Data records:
"""

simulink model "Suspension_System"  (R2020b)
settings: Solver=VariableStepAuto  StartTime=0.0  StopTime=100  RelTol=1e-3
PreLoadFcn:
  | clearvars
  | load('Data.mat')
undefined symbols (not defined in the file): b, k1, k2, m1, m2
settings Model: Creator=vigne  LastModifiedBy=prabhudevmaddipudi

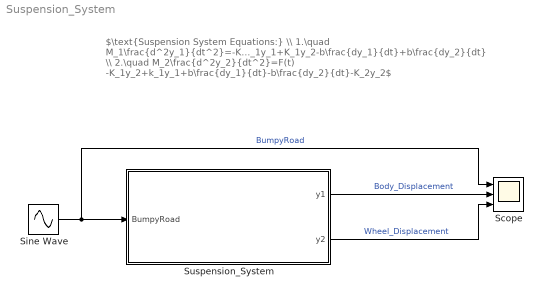
== system Suspension_System ==
  note: $\text{Suspension System Equations:} \\ 1.\quad M_1\frac{d^2y_1}{dt^2}=-K_1y_1+K_1y_2-b\frac{dy_1}{dt}+b\frac{dy_2}{dt} \\ 2.\quad M_2\frac{d^2y_2}{dt^2}=F(t) -K_1y_2+k_1y_1+b\frac{dy_1}{dt}-b\frac{dy_2}{dt}-K_2y_2$
  Scope : Scope  NumInputPorts=3
  Sine Wave : Sin  SampleTime=0
  Suspension_System : Subsystem
  wires:
  Sine Wave/1 -> Scope/1, Suspension_System/1(BumpyRoad)  "BumpyRoad"
  Suspension_System/1(y1) -> Scope/2  "Body_Displacement"
  Suspension_System/2(y2) -> Scope/3  "Wheel_Displacement"

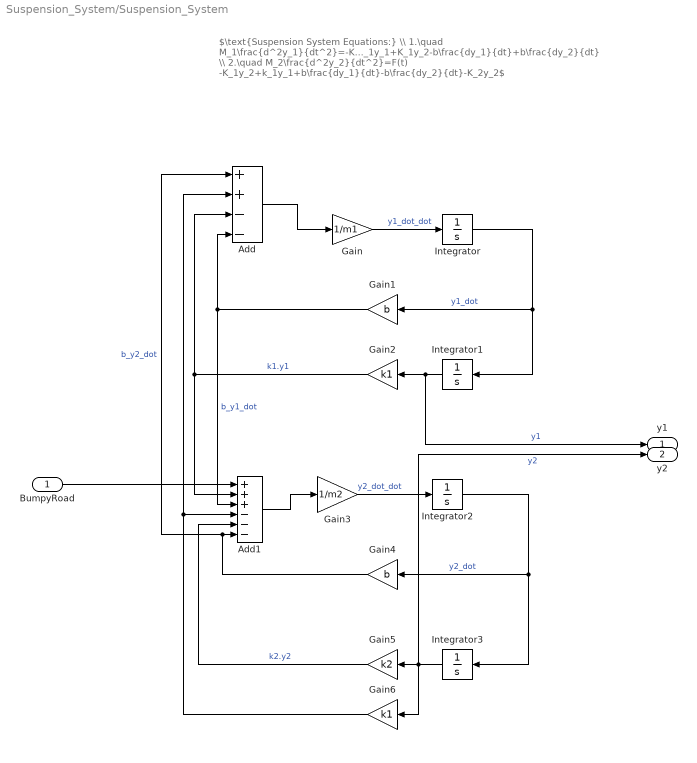
== system Suspension_System/Suspension_System ==
  note: $\text{Suspension System Equations:} \\ 1.\quad M_1\frac{d^2y_1}{dt^2}=-K_1y_1+K_1y_2-b\frac{dy_1}{dt}+b\frac{dy_2}{dt} \\ 2.\quad M_2\frac{d^2y_2}{dt^2}=F(t) -K_1y_2+k_1y_1+b\frac{dy_1}{dt}-b\frac{dy_2}{dt}-K_2y_2$
  BumpyRoad : Inport
  Add : Sum  Inputs=++--
  Add1 : Sum  Inputs=+++---
  Gain : Gain  Gain=1/m1
  Gain1 : Gain  Gain=b
  Gain2 : Gain  Gain=k1
  Gain3 : Gain  Gain=1/m2
  Gain4 : Gain  Gain=b
  Gain5 : Gain  Gain=k2
  Gain6 : Gain  Gain=k1
  Integrator{,1..3} (4 alike) : Integrator
  y1 : Outport
  y2 : Outport  Port=2
  wires:
  Integrator/1 -> Integrator1/1, Gain1/1  "y1_dot"
  Gain5/1 -> Add1/5  "k2.y2"
  Add/1 -> Gain/1
  Gain/1 -> Integrator/1  "y1_dot_dot"
  Gain1/1 -> Add/4, Add1/3  "b_y1_dot"
  Gain4/1 -> Add/1, Add1/6  "b_y2_dot"
  Add1/1 -> Gain3/1
  Integrator2/1 -> Integrator3/1, Gain4/1  "y2_dot"
  Integrator1/1 -> y1/1, Gain2/1  "y1"
  Gain2/1 -> Add1/2, Add/3  "k1.y1"
  Gain6/1 -> Add/2, Add1/4
  Gain3/1 -> Integrator2/1  "y2_dot_dot"
  Integrator3/1 -> y2/1, Gain6/1, Gain5/1  "y2"
  BumpyRoad/1 -> Add1/1

"""

**To do:**
All of the lines above should be copied exactly, apart from the pictures.

**Exercise response:**
simulink model "Suspension_System"  (R2020b)
settings: Solver=VariableStepAuto  StartTime=0.0  StopTime=100  RelTol=1e-3
PreLoadFcn:
  | clearvars
  | load('Data.mat')
undefined symbols (not defined in the file): b, k1, k2, m1, m2
settings Model: Creator=vigne  LastModifiedBy=prabhudevmaddipudi

== system Suspension_System ==
  note: $\text{Suspension System Equations:} \\ 1.\quad M_1\frac{d^2y_1}{dt^2}=-K_1y_1+K_1y_2-b\frac{dy_1}{dt}+b\frac{dy_2}{dt} \\ 2.\quad M_2\frac{d^2y_2}{dt^2}=F(t) -K_1y_2+k_1y_1+b\frac{dy_1}{dt}-b\frac{dy_2}{dt}-K_2y_2$
  Scope : Scope  NumInputPorts=3
  Sine Wave : Sin  SampleTime=0
  Suspension_System : Subsystem
  wires:
  Sine Wave/1 -> Scope/1, Suspension_System/1(BumpyRoad)  "BumpyRoad"
  Suspension_System/1(y1) -> Scope/2  "Body_Displacement"
  Suspension_System/2(y2) -> Scope/3  "Wheel_Displacement"

== system Suspension_System/Suspension_System ==
  note: $\text{Suspension System Equations:} \\ 1.\quad M_1\frac{d^2y_1}{dt^2}=-K_1y_1+K_1y_2-b\frac{dy_1}{dt}+b\frac{dy_2}{dt} \\ 2.\quad M_2\frac{d^2y_2}{dt^2}=F(t) -K_1y_2+k_1y_1+b\frac{dy_1}{dt}-b\frac{dy_2}{dt}-K_2y_2$
  BumpyRoad : Inport
  Add : Sum  Inputs=++--
  Add1 : Sum  Inputs=+++---
  Gain : Gain  Gain=1/m1
  Gain1 : Gain  Gain=b
  Gain2 : Gain  Gain=k1
  Gain3 : Gain  Gain=1/m2
  Gain4 : Gain  Gain=b
  Gain5 : Gain  Gain=k2
  Gain6 : Gain  Gain=k1
  Integrator{,1..3} (4 alike) : Integrator
  y1 : Outport
  y2 : Outport  Port=2
  wires:
  Integrator/1 -> Integrator1/1, Gain1/1  "y1_dot"
  Gain5/1 -> Add1/5  "k2.y2"
  Add/1 -> Gain/1
  Gain/1 -> Integrator/1  "y1_dot_dot"
  Gain1/1 -> Add/4, Add1/3  "b_y1_dot"
  Gain4/1 -> Add/1, Add1/6  "b_y2_dot"
  Add1/1 -> Gain3/1
  Integrator2/1 -> Integrator3/1, Gain4/1  "y2_dot"
  Integrator1/1 -> y1/1, Gain2/1  "y1"
  Gain2/1 -> Add1/2, Add/3  "k1.y1"
  Gain6/1 -> Add/2, Add1/4
  Gain3/1 -> Integrator2/1  "y2_dot_dot"
  Integrator3/1 -> y2/1, Gain6/1, Gain5/1  "y2"
  BumpyRoad/1 -> Add1/1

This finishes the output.